Regardons d'abord du côté de Buenos-Aires. Là-bas le foot déborde le terrain sportif. Le pouvoir observe de très près les résultats, surtout quand il s'agit de ceux de la sélection nationale. La grande presse d'information est à l'unisson des hommes politiques. Elle fait des résultats du dimanche les premières pages, les gros titres. Alors, quand tout va mal pour les porteurs du maillot "ciel et blanc", c'est de fait le gouvernement qui décide de prendre les choses en mains. On coupe la tête du mauvais entraîneur, bouc émissaire par nature, et on nomme une personnalité populaire. C'est de cette manière que Diego Maradona, qui n'avait jamais pratiqué sur le banc de touche, s'est vu proposer le job. Nouveau sélectionneur de cette équipe prestigieuse qui fournit des vedettes à tous les grands clubs d'Europe.
Les journalistes spécialisés firent la gueule et partagèrent leurs doutes avec leurs lecteurs et leurs auditeurs. Diego était bien une légende vivante du ballon rond, s'exclamaient-ils: mais il n'était pas qualifié pour diriger, encadrer un groupe de haut niveau. Une telle compétence ne s'improvise pas.
Ce qui suivit leur donna raison. Diego se fiait à ses intuitions,  à ses coups de coeur successifs pour tel ou tel jeune talent, faisait revenir en grâce tel ou tel vétéran injustemment oublié. En peu de mois soixante joueurs furent convoqués dans les stages de la sélection.
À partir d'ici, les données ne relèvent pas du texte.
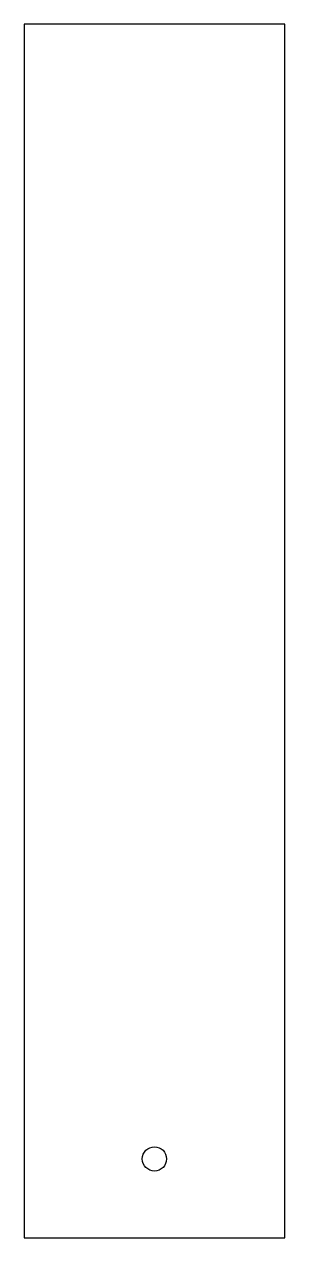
# Model space of a CAD drawing. Header units: metres. Extents: x 6923 to 7138, y 3528 to 4528.
import ezdxf

# ---------------------------------------------------------------- set-up
doc = ezdxf.new("R2010")
doc.units = ezdxf.units.M

msp = doc.modelspace()

# ---------------------------------------------------------------- linework, layer by layer
for p, q in [((6922.8, 4528.3), (6922.8, 3528.3)), ((7137.8, 4528.3), (6922.8, 4528.3)), ((7137.8, 3528.3), (7137.8, 4528.3)), ((6922.8, 3528.3), (7137.8, 3528.3))]:
    msp.add_line(p, q)
msp.add_circle((7030.3, 3593.3), 10)

doc.saveas('drawing.dxf')
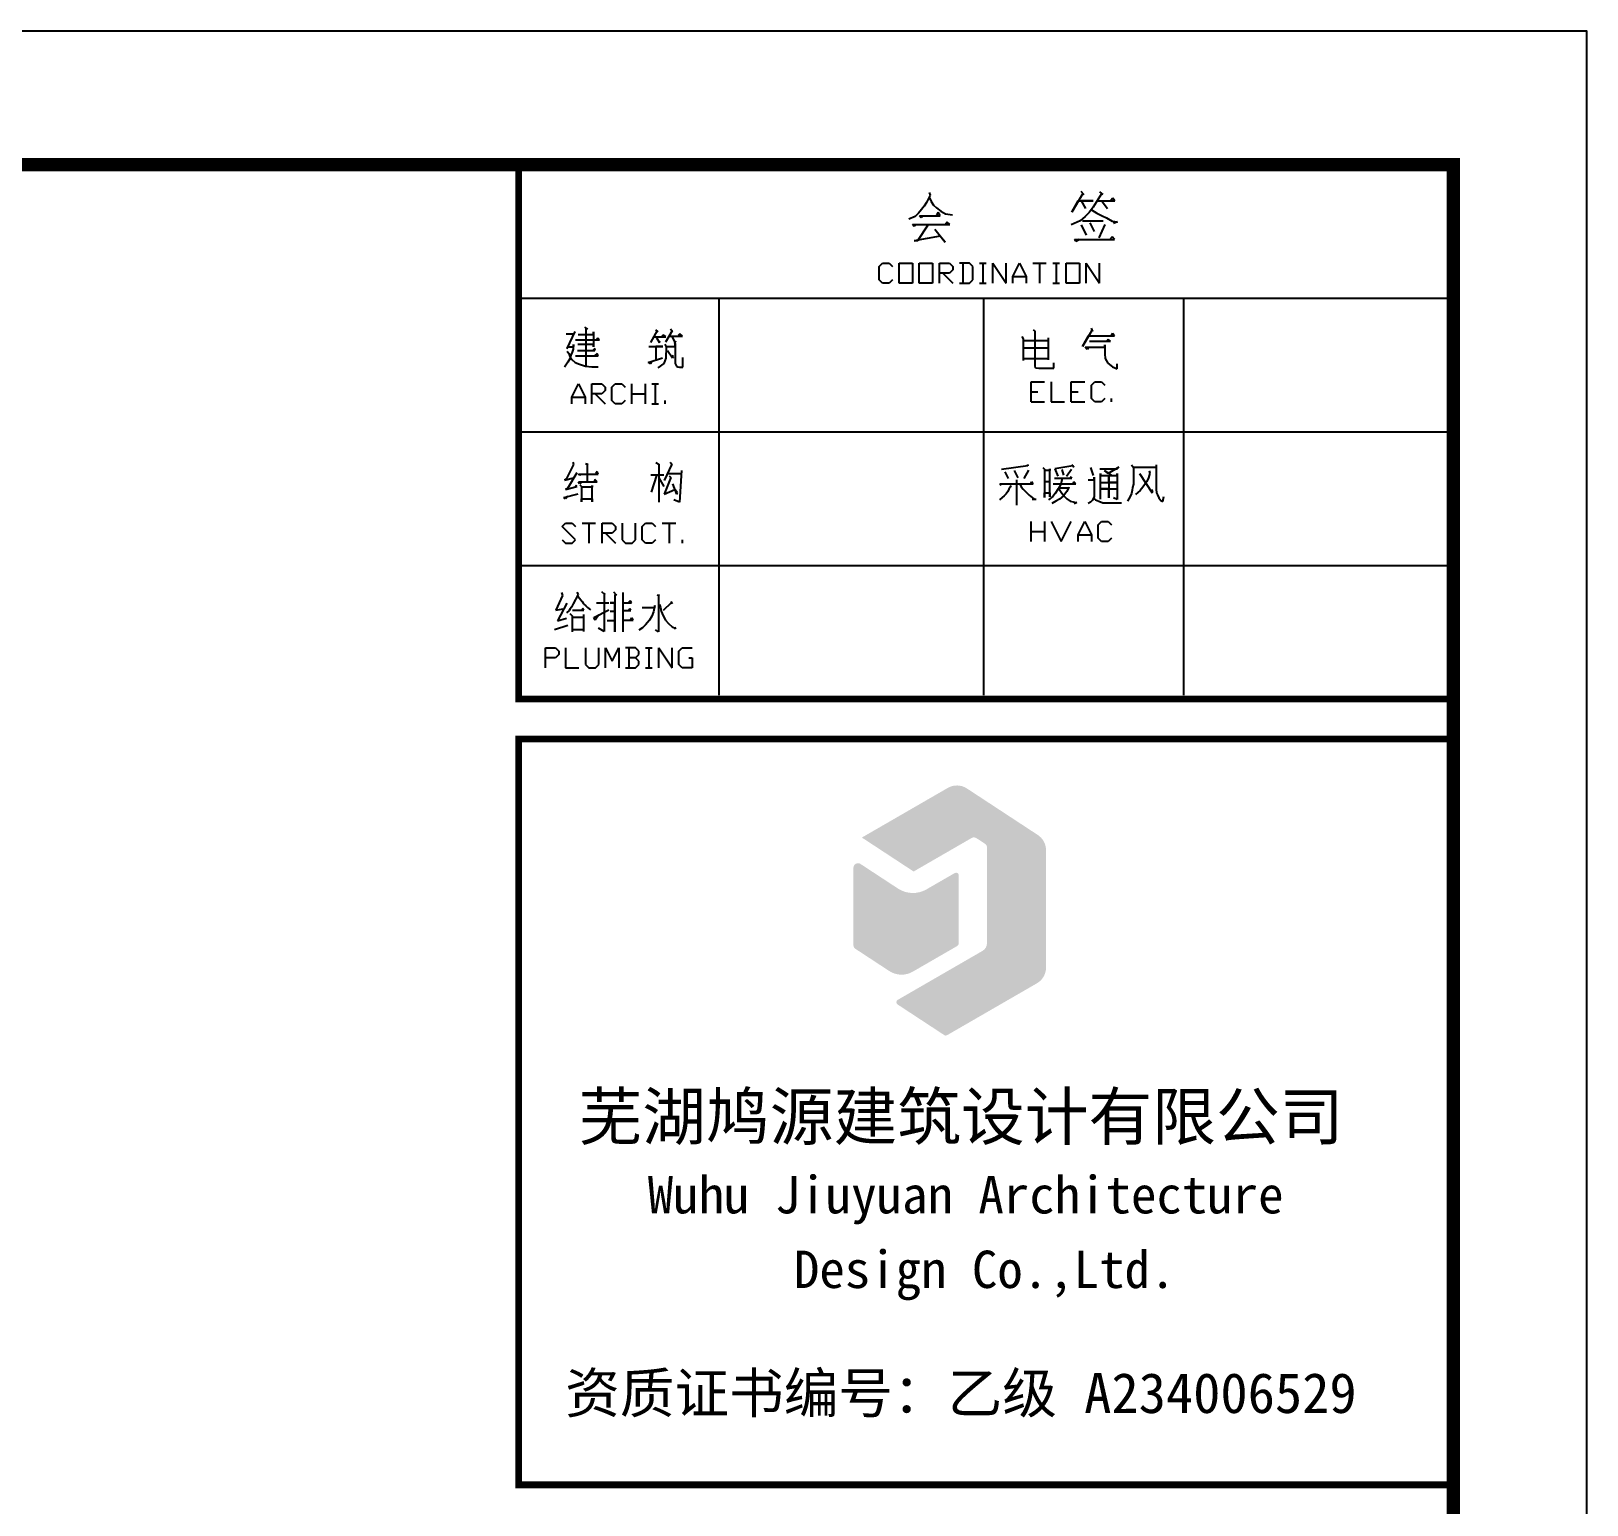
# Model space of a CAD drawing. Extents: x 2025205 to 2402328, y -557483 to 329036.
# Drawn here: x 2271649 to 2289127, y 104105 to 120654 of the extents above; entities that cross this region are included whole.
import ezdxf

# ---------------------------------------------------------------- set-up
doc = ezdxf.new("R2010")
doc.units = 0
doc.header["$LTSCALE"] = 1500
doc.header["$MEASUREMENT"] = 0
doc.layers.add('PUB_TITLE', color=4, linetype='Continuous')
doc.styles.add('STYLE4', font='simfang.ttf', dxfattribs={"width": 0.8})
doc.styles.add('图签2', font='simhei.ttf', dxfattribs={"height": 1000})

msp = doc.modelspace()

# ---------------------------------------------------------------- hatches: boundary and pattern name
at = {"layer": 'PUB_TITLE'}
h = msp.add_hatch(color=256, dxfattribs=at)
edge = h.paths.add_edge_path()
edge.add_ellipse((2282847.338064572, 111456.3832694849), major_axis=(-144.1779285890087, 144.1779285890087), ratio=0.9999999999999653, start_angle=225.0000000001424, end_angle=281.7428642561471)
edge.add_line((2282959.155402659, 111626.8867388619), (2282161.892938344, 112149.7368993275))
edge.add_ellipse((2282050.075600257, 111979.2334299511), major_axis=(-144.1779285887359, 144.1779285887359), ratio=0.9999999999999974, start_angle=-78.25713574382821, end_angle=-14.99999997287442)
edge.add_line((2281948.126409197, 112155.8146084617), (2280982.316187007, 111598.2038173061))
edge.add_line((2280982.316187007, 111598.2038173061), (2281563.731532861, 111216.9076689461))
edge.add_line((2281563.731532861, 111216.9076689461), (2282215.656832411, 111593.2969157211))
edge.add_ellipse((2282241.144130176, 111549.1516210935), major_axis=(36.04448214693746, 36.04448214693745), ratio=0.9999999999999745, start_angle=371.7428642561522, end_angle=435.0000000271238, ccw=False)
edge.add_line((2282269.098464698, 111591.7774884379), (2282365.236779441, 111528.7293260831))
edge.add_ellipse((2282337.282444919, 111486.1034587394), major_axis=(36.04448214777827, 36.04448214777825), ratio=0.9999999999997462, start_angle=314.99999999992565, end_angle=371.74286425592777, ccw=False)
edge.add_line((2282388.257040449, 111486.1034587387), (2282388.257040449, 110413.5759808044))
edge.add_ellipse((2282286.30784939, 110413.5759808044), major_axis=(-72.0889642944451, 72.088964294445), ratio=0.9999999999999458, start_angle=165.0000000265585, end_angle=224.999999999599, ccw=False)
edge.add_line((2282337.282444919, 110325.2853915484), (2281385.314594411, 109775.6664973998))
edge.add_ellipse((2281400.606973067, 109749.1793206236), major_axis=(-21.62668928813794, 21.62668928813793), ratio=0.9999999999999007, start_angle=-14.99999997343389, end_angle=101.742864255415)
edge.add_line((2281383.834372356, 109723.6038002181), (2281907.971961685, 109379.8707951515))
edge.add_ellipse((2281924.744562397, 109405.4463155563), major_axis=(21.62668928817741, 21.62668928817741), ratio=0.9999999999999938, start_angle=191.7428642543983, end_angle=255.000000025383)
edge.add_line((2281940.036941055, 109378.9591387794), (2282949.287255629, 109961.6500789404))
edge.add_ellipse((2282847.338064572, 110138.2312574517), major_axis=(144.1779285892063, 144.1779285892062), ratio=0.9999999999999477, start_angle=255.0000000270828, end_angle=315.0000000001423)
edge.add_line((2283051.236446689, 110138.2312574524), (2283051.236446689, 111456.3832694863))
h = msp.add_hatch(color=256, dxfattribs=at)
edge = h.paths.add_edge_path()
edge.add_ellipse((2280929.834981198, 110385.8926927447), major_axis=(29.71613420644969, 29.71613420644967), ratio=0.9999999999998969, start_angle=135.0000000030776, end_angle=191.742864259058)
edge.add_line((2280906.788603314, 110350.7506704645), (2281289.783500108, 110099.5800055824))
edge.add_ellipse((2281428.061767433, 110310.4321392584), major_axis=(-178.2968052391988, 178.2968052391988), ratio=0.9999999999999803, start_angle=101.7428642559012, end_angle=165.0000000269085)
edge.add_line((2281554.13664755, 110092.0640415752), (2282050.211208604, 110378.4728226243))
edge.add_ellipse((2282029.198728582, 110414.8675055716), major_axis=(-29.71613420645653, 29.71613420645653), ratio=0.9999999999999422, start_angle=165.0000000269174, end_angle=224.9999999999087)
edge.add_line((2282071.223688621, 110414.8675055716), (2282071.223688621, 111172.9012722112))
edge.add_ellipse((2282040.638931304, 111172.9012722119), major_axis=(21.62668928826362, 21.62668928826361), ratio=0.999999999999947, start_angle=314.9999999999985, end_angle=435.0000000256456)
edge.add_line((2282025.346552646, 111199.3884489888), (2281708.486560963, 111016.4492476962))
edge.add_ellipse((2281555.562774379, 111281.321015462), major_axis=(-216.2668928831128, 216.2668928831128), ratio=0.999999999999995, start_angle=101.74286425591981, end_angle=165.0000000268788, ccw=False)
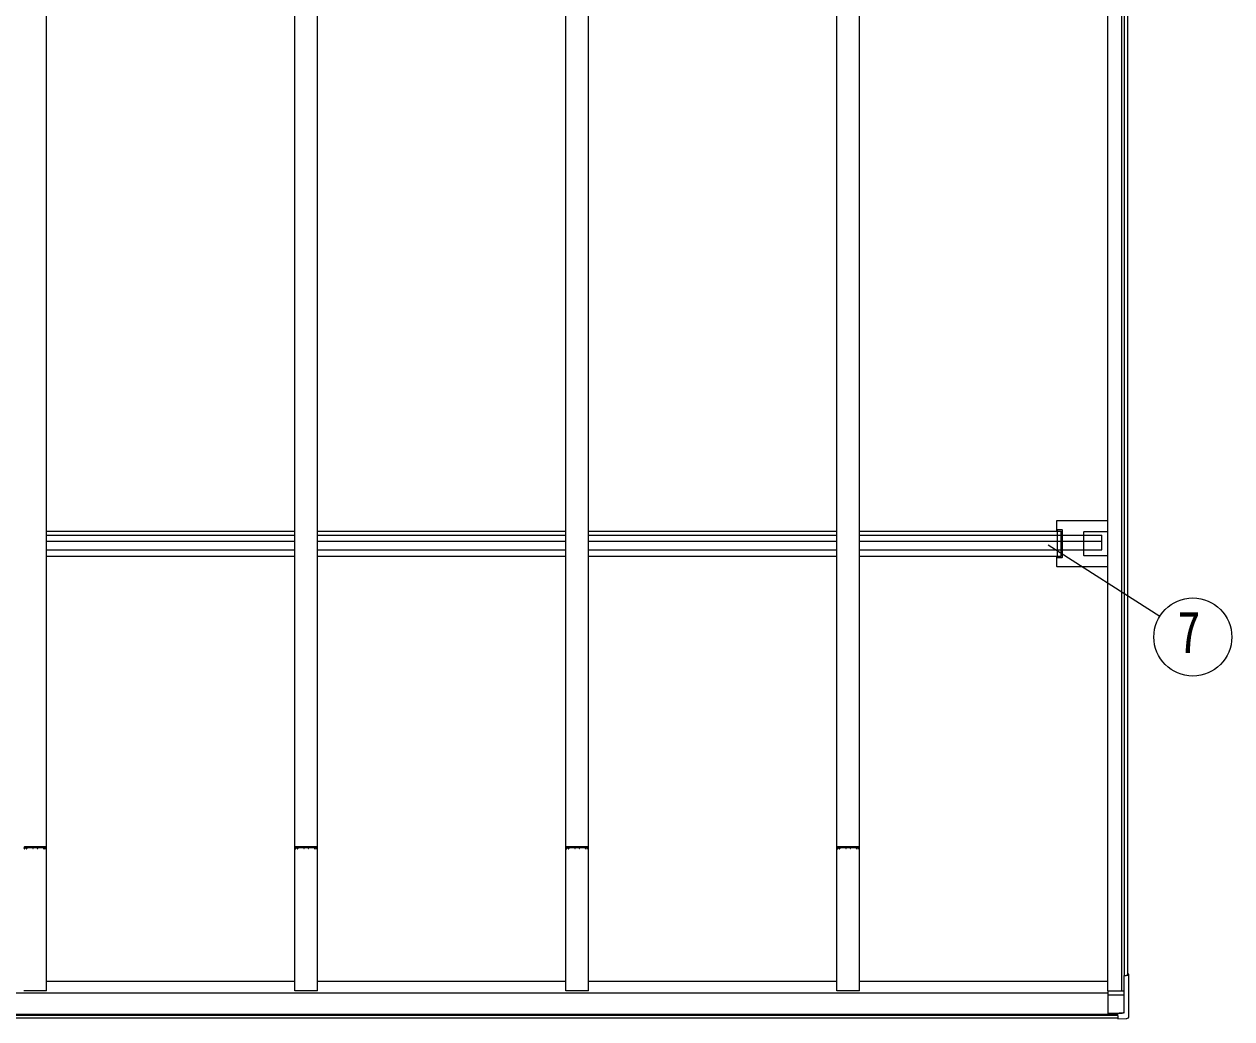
# Model space of a CAD drawing. Units: millimetres, scale not verified. Extents: x -14718 to 14718, y -10395 to 10395.
# Drawn here: x -6776 to -4102, y -2236 to -34 of the extents above; entities that cross this region are included whole.
import ezdxf
from ezdxf.enums import TextEntityAlignment as Align

# ---------------------------------------------------------------- set-up
doc = ezdxf.new("R2010")
doc.units = ezdxf.units.MM
doc.header["$LTSCALE"] = 50
for name, color, linetype in [('0-5_YKK_13', 4, 'Continuous'), ('0-6_YKK_A1', 4, 'Continuous'), ('0-7_YKK_D', 6, 'Continuous')]:
    doc.layers.add(name, color=color, linetype=linetype)
doc.styles.add('ＭＳ ゴシック', font='')
doc.styles.get('ＭＳ ゴシック').set_extended_font_data('MS Gothic')

msp = doc.modelspace()

# ---------------------------------------------------------------- linework, layer by layer
at = {"layer": '0-5_YKK_13'}
for p, q in [((-4490.77, -1134.52), (-4490.77, -1154.63)), ((-4376.82, -1133.52), (-4489.77, -1133.52)), ((-4490.18, -1153.21), (-4489.15, -1154.25)), ((-4478.26, -1153.27), (-4489.18, -1153.27)), ((-4477.27, -1213.67), (-4477.27, -1154.27)), ((-4430.77, -1158.97), (-4430.77, -1208.97)), ((-4376.82, -1157.97), (-4429.77, -1157.97)), ((-4490.77, -1213.31), (-4490.77, -1233.42)), ((-4489.15, -1213.69), (-4490.18, -1214.73)), ((-4489.18, -1214.67), (-4478.26, -1214.67)), ((-4429.77, -1209.97), (-4376.82, -1209.97)), ((-4489.77, -1234.42), (-4376.82, -1234.42)), ((-4332.82, -2137.43), (-4331.76, -2137.56)), ((-4331.96, -2137.59), (-4332.82, -2137.6)), ((-4332.82, -2137.71), (-4330.99, -2137.68)), ((-4331.39, -2138.83), (-4332.82, -2138.81)), ((-4332.82, -2138.92), (-4332.25, -2138.93)), ((-4330.34, -2231.3), (-4330.34, -2138.92)), ((-4329.94, -2230.37), (-4329.94, -2137.59)), ((-4340.98, -2147.14), (-4340.98, -2223.03)), ((-4339.45, -2140.32), (-4340.84, -2140.33)), ((-4340.62, -2140.43), (-4340.84, -2140.33)), ((-4340.84, -2145.32), (-4340.84, -2140.33)), ((-4375.82, -2226.04), (-4375.82, -2173.8)), ((-4340.98, -2183.66), (-4375.82, -2183.63)), ((-4354.82, -2224.16), (-4375.82, -2224.36)), ((-4340.62, -2223.19), (-4354.82, -2223.98)), ((-4354.82, -2223.88), (-4351.82, -2223.71)), ((-4354.82, -2223.88), (-4354.82, -2223.98)), ((-4354.82, -2228.13), (-4354.82, -2223.98)), ((-4354.82, -2229.62), (-4354.82, -2228.13)), ((-4354.82, -2229.62), (-4354.82, -2236.11)), ((-4354.82, -2236.14), (-4354.82, -2236.11)), ((-4354.81, -2236.16), (-4336.11, -2235.17)), ((-4343, -2223.18), (-4351.82, -2223.64)), ((-4351.82, -2223.58), (-4351.82, -2223.64)), ((-4351.82, -2223.71), (-4351.82, -2223.64)), ((-4340.98, -2223.03), (-4340.87, -2223.08)), ((-4340.87, -2223.08), (-4340.62, -2223.19)), ((-4333.02, -2234.97), (-4333.02, -2234.97))]:
    msp.add_line(p, q, dxfattribs=at)
for points in [[(-4489.21, -1156.47), (-4489.21, -1156.19), (-4490.77, -1154.63)], [(-4489.09, -1155.24), (-4489.09, -1211.47), (-4489.09, -1212.7)], [(-4490.77, -1213.31), (-4489.21, -1211.76), (-4489.21, -1211.47)], [(-4330.11, -2137.55), (-4331.58, -2137.37), (-4332.82, -2137.22)], [(-4332.25, -2138.93), (-4332.19, -2138.93), (-4332.13, -2138.93), (-4332.08, -2138.93), (-4332.05, -2138.94), (-4332.02, -2138.94), (-4332.01, -2138.95), (-4332.01, -2138.95), (-4332.02, -2138.95)], [(-4331.76, -2137.56), (-4331.73, -2137.56), (-4331.72, -2137.57), (-4331.73, -2137.57), (-4331.75, -2137.58), (-4331.78, -2137.58), (-4331.83, -2137.59), (-4331.9, -2137.59), (-4331.96, -2137.59)], [(-4330.42, -2138.95), (-4330.35, -2138.93), (-4330.35, -2138.91), (-4330.4, -2138.89), (-4330.51, -2138.88), (-4330.68, -2138.86), (-4330.88, -2138.85), (-4331.13, -2138.84), (-4331.39, -2138.83)], [(-4330.99, -2137.68), (-4330.7, -2137.68), (-4330.44, -2137.67), (-4330.22, -2137.65), (-4330.06, -2137.63), (-4329.96, -2137.61), (-4329.94, -2137.59), (-4329.99, -2137.57), (-4330.11, -2137.55)], [(-4340.62, -2223.19), (-4340.62, -2140.43), (-4339.5, -2140.43)], [(-4336.11, -2235.19), (-4334.42, -2235.09), (-4333.02, -2234.98)], [(-4330.34, -2232.06), (-4330.34, -2231.53), (-4330.34, -2231.3)], [(-4329.95, -2231.14), (-4329.94, -2230.6), (-4329.94, -2230.37)]]:
    msp.add_lwpolyline(points, dxfattribs=at)
for centre, radius, start, end in [((-4429.77, -1158.97), 1, 90, 180), ((-4429.77, -1208.97), 1, 180, 270), ((-4396.31, -1811.05), 334.14, 279.79798, 281.09267), ((-4394.76, -1811.89), 333.33, 279.80348, 281.1309), ((-4339.33, -2128.88), 11.55, 269.15454, 276.55167), ((-4333.22, -2232.11), 2.86, 274.00326, 0.96893), ((-4332.46, -2231.24), 2.51, 324.16004, 2.48225)]:
    msp.add_arc(centre, radius, start, end, dxfattribs=at)
for centre, major_axis, ratio, start_param, end_param in [((-4489.76, -1134.52), (-0.71, 0.71), 0.99628, 5.4996506, 7.06672), ((-4489.18, -1153.21), (1, 0), 0.061163, 3.2026792, 4.712389), ((-4489.15, -1155.24), (0, 1), 0.061163, 4.712389, 6.2220988), ((-4478.27, -1154.27), (0.71, 0.71), 0.99628, 5.4996506, 7.06672), ((-4489.18, -1214.73), (1, 0), 0.061163, 1.5707963, 3.0805061), ((-4489.15, -1212.7), (0, 1), 0.061163, 3.2026792, 4.712389), ((-4478.27, -1213.67), (0.71, -0.71), 0.99628, 5.4996506, 7.06672), ((-4489.76, -1233.42), (-0.71, -0.71), 0.99628, 5.4996506, 7.06672), ((3057.41, -1824.13), (-8222.56, -430.03), 0.003344, 0.4483549, 0.4508203)]:
    msp.add_ellipse(centre, major_axis=major_axis, ratio=ratio, start_param=start_param, end_param=end_param, dxfattribs=at)
at = {"layer": '0-6_YKK_A1'}
for p, q in [((-6726.82, -2173.8), (-6726.82, 1620.16)), ((-6176.82, -2173.8), (-6176.82, 1620.16)), ((-6126.82, -2173.8), (-6126.82, 1620.16)), ((-5576.82, -2173.8), (-5576.82, 1620.16)), ((-5526.82, -2173.8), (-5526.82, 1620.16)), ((-4976.82, -2173.8), (-4976.82, 1620.16)), ((-4926.82, -2173.8), (-4926.82, 1620.16)), ((-4376.82, -2173.8), (-4376.82, 1620.16)), ((-4345.52, -2173.8), (-4345.52, 1607.81)), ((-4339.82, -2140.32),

Il n'y eut jamais d'équipe type, pas de schéma de jeu. Improvisation rythme avec approximation.
Les résultats ne furent d'ailleurs jamais au rendez-vous et si,-- après des défaites humiliantes contre la Bolivie, le Paraguay et le Brésil (à domicile!),-- l'Argentine finit miraculeusement par se qualifier dans les arrêts de jeu, contre le Pérou, ce fut sans honneur ni gloire.
Mais Diego vécut cette victoire chanceuse, arrachée à la fatalité, non seulement comme un triomphe, mais comme une revanche sur ceux qui avaient osé douter de ses capacités. Ces minables de scribouillards, s'étaient permis de le critiquer, étaient allés jusqu'à prédire une non qualification de l'équipe. Comment osaient-ils douter de son génie footballistique, lui qui avait fait valider un but marqué de la main à l'Angleterre.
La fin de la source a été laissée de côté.